6.2 Differentiated LB in OVN

LB View for Node master-01 (No Pod):

OVN_NODE_01_POD=$(oc get po -n openshift-ovn-kubernetes -l app=ovnkube-node -o wide | grep "master-01-demo" | awk '{print $1}')
oc exec -it -n openshift-ovn-kubernetes $OVN_NODE_01_POD -- ovn-nbctl find load_balancer name="Service_demo-egress/egress-identity_TCP_node_switch_master-01-demo"

VVIP Content:

vips: {
    "192.168.66.100:8080" : "10.132.0.39:8080,10.133.0.4:8080",
    "192.168.77.23:32736" : "10.132.0.39:8080,10.133.0.4:8080",
    "192.168.99.21:32736" : "10.132.0.39:8080,10.133.0.4:8080"
}

Note: master-01’s VIPS list does not contain 169.254.0.3:32736, as there are no local endpoints.

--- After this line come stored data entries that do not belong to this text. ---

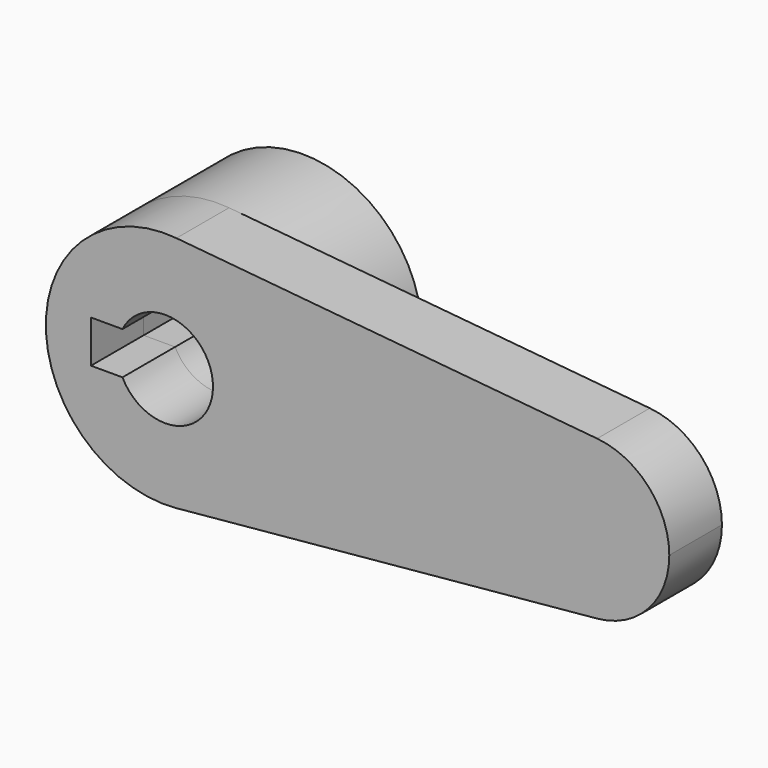
from build123d import *
from build123d import SkipClean  # not in build123d's __all__

# Parameters (mm, degrees)
F0_R     = 11.43
F1_DEPTH = 15.748
F2_DEPTH = 25.4


with BuildPart() as f1:
    # F0 (on Front) → F1 (new body)
    with BuildSketch(Plane.XZ):
        with BuildLine():
            ThreePointArc((2.67890625, 28.4491491315), (21.1314974753, 19.2351355455), (28.575, 0))
            ThreePointArc((28.575, 0), (21.1314974753, -19.2351355455), (2.67890625, -28.4491491315))
            Line((2.67890625, -28.4491491315), (103.3859375, -18.966099421))
            ThreePointArc((103.3859375, -18.966099421), (82.55, 0), (103.3859375, 18.966099421))
            Line((103.3859375, 18.966099421), (2.67890625, 28.4491491315))
        make_face()
        with BuildLine():
            ThreePointArc((2.67890625, -28.4491491315), (21.1314974753, -19.2351355455), (28.575, 0))
            ThreePointArc((28.575, 0), (21.1314974753, 19.2351355455), (2.67890625, 28.4491491315))
            ThreePointArc((2.67890625, 28.4491491315), (-28.575, 0), (2.67890625, -28.4491491315))
        make_face()
        with BuildLine():
            ThreePointArc((-10.2390673403, 5.08), (0, 11.43), (10.2390673403, 5.08))
            Line((10.2390673403, 5.08), (17.78, 5.08))
            Line((17.78, 5.08), (17.78, -5.08))
            Line((17.78, -5.08), (10.2390673403, -5.08))
            ThreePointArc((10.2390673403, -5.08), (0, -11.43), (-10.2390673403, -5.08))
            Line((-10.2390673403, -5.08), (-17.78, -5.08))
            Line((-17.78, -5.08), (-17.78, 5.08))
            Line((-17.78, 5.08), (-10.2390673403, 5.08))
        make_face(mode=Mode.SUBTRACT)
        with BuildLine():
            ThreePointArc((120.65, 0), (115.6876649835, 12.823423697), (103.3859375, 18.966099421))
            ThreePointArc((103.3859375, 18.966099421), (82.55, 0), (103.3859375, -18.966099421))
            ThreePointArc((103.3859375, -18.966099421), (115.6876649835, -12.823423697), (120.65, 0))
        make_face()
        with Locations((101.6, 0)):
            Circle(F0_R, mode=Mode.SUBTRACT)
        with Locations((101.6, 0)):
            Circle(F0_R)
        with BuildLine():
            ThreePointArc((10.2390673403, 5.08), (11.1282846769, 2.6088656826), (11.43, 0))
            ThreePointArc((11.43, 0), (11.1282846769, -2.6088656826), (10.2390673403, -5.08))
            Line((10.2390673403, -5.08), (17.78, -5.08))
            Line((17.78, -5.08), (17.78, 5.08))
            Line((17.78, 5.08), (10.2390673403, 5.08))
        make_face()
    extrude(amount=F1_DEPTH)

    # F0 (on Front) → F2 (join)
    with BuildSketch(Plane.XZ):
        with BuildLine():
            ThreePointArc((2.67890625, -28.4491491315), (21.1314974753, -19.2351355455), (28.575, 0))
            ThreePointArc((28.575, 0), (21.1314974753, 19.2351355455), (2.67890625, 28.4491491315))
            ThreePointArc((2.67890625, 28.4491491315), (-28.575, 0), (2.67890625, -28.4491491315))
        make_face()
        with BuildLine():
            ThreePointArc((-10.2390673403, 5.08), (0, 11.43), (10.2390673403, 5.08))
            Line((10.2390673403, 5.08), (17.78, 5.08))
            Line((17.78, 5.08), (17.78, -5.08))
            Line((17.78, -5.08), (10.2390673403, -5.08))
            ThreePointArc((10.2390673403, -5.08), (0, -11.43), (-10.2390673403, -5.08))
            Line((-10.2390673403, -5.08), (-17.78, -5.08))
            Line((-17.78, -5.08), (-17.78, 5.08))
            Line((-17.78, 5.08), (-10.2390673403, 5.08))
        make_face(mode=Mode.SUBTRACT)
    with SkipClean():  # cleaning this boolean's faces spoils the solid; the shape is the same uncleaned
        extrude(amount=-F2_DEPTH)


solid = f1.part
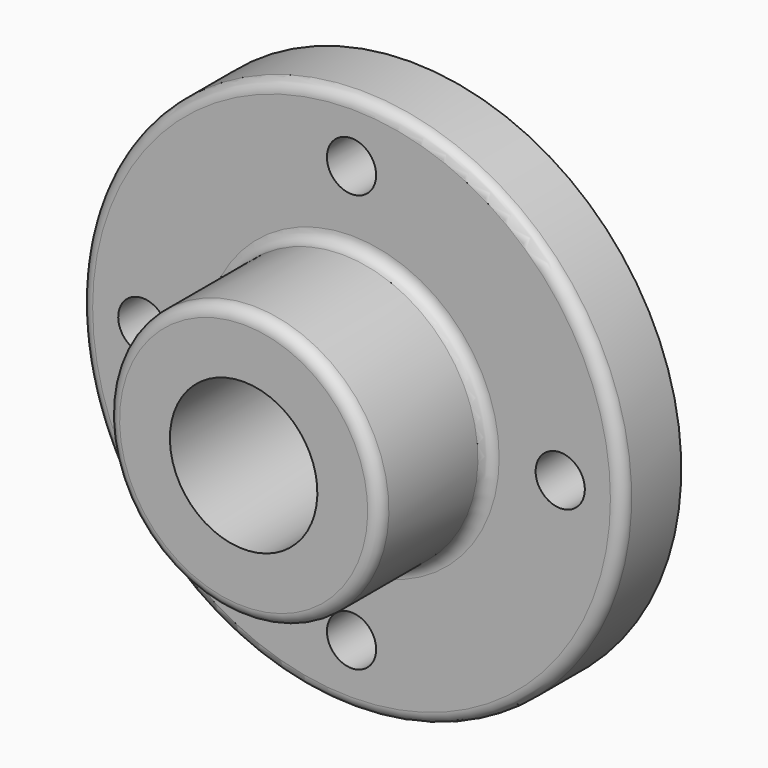
from build123d import *

# Parameters (mm, degrees)
F2_R            = 3.048
F3_R            = 6.35
F4_DEPTH        = 19.051
F4_COPIES_COUNT = 4


# Not quite as in the source:
# - a pattern or mirror of a feature is missing from the dataset's text; its kind, count and spacing are read off the source's solid


with BuildPart() as f1:
    # F0 (on Right) → F1 (revolve)
    with BuildSketch(Plane.YZ):
        Polygon((-26.924, 35.052), (-26.924, 19.0246), (26.924, 19.0246), (26.924, 69.85), (7.874, 69.85), (7.874, 35.052), align=None)
    revolve(axis=Axis((0, 0, 0), (0, 1, 0)))

    # F2
    f2_edges = [f1.edges().sort_by_distance(p)[0] for p in [
        (0, -26.924, -35.052),
        (0, 7.874, -69.85),
        (0, 7.874, -35.052),
    ]]
    fillet(f2_edges, radius=F2_R)

    # F3 (on face) → F4 (cut, through all)
    with BuildSketch(Plane.XZ.offset(-7.874)):
        with Locations((0, 53.848)):
            Circle(F3_R)
    f4 = extrude(amount=-F4_DEPTH, mode=Mode.SUBTRACT)

    # F4_copies: F4 ×4 about axis
    f4_copies_axis = Axis((0, 0, 0), (0, 1, 0))
    for i in range(1, F4_COPIES_COUNT):
        add(f4.rotate(f4_copies_axis, i * 360 / F4_COPIES_COUNT), mode=Mode.SUBTRACT)


solid = f1.part

LB View for Node master-02 (With Pod):

OVN_NODE_02_POD=$(oc get po -n openshift-ovn-kubernetes -l app=ovnkube-node -o wide | grep "master-02-demo" | awk '{print $1}')
oc exec -it -n openshift-ovn-kubernetes $OVN_NODE_02_POD -- ovn-nbctl find load_balancer name="Service_demo-egress/egress-identity_TCP_node_switch_master-02-demo"
vips: {
    "169.254.0.3:32736" : "10.132.0.39:8080", 
    "192.168.66.100:8080" : "10.132.0.39:8080,10.133.0.4:8080"
}

Entering traffic matches 169.254.0.3, enforcing local distribution.


6.3 Negative Validation: Bypassing Advertised Nodes

Force traffic to master-01 (no local Pods) via static route:

# Add static route on router
vtysh -c 'conf t' -c 'ip route 192.168.66.100/32 192.168.99.23'

# Verify route
vtysh -c 'show ip route 192.168.66.100/32'

Output:

Routing entry for 192.168.66.100/32
  Known via "static", distance 1, metric 0, best
  Last update 00:00:03 ago
  * 192.168.99.23, via enp1s0, weight 1
...
# Test access
curl -vvv http://192.168.66.100:8080

Result: Connection refused Analysis: master-01 has no local backend mapping for the masquerade IP request, ensuring the integrity of the Local policy.


7. Conclusion

OpenShift 4.19’s MetalLB + OVN solution demonstrates complex but efficient collaboration:

  1. Layered DNAT: Iptables handles VIP “claiming,” while OVN manages logic and tracking.
  2. Traceability: UUID-to-Cookie mapping bridges logical and physical troubleshooting.
  3. Local Isolation: The 169.254.0.3 masquerade address enables node-level traffic governance.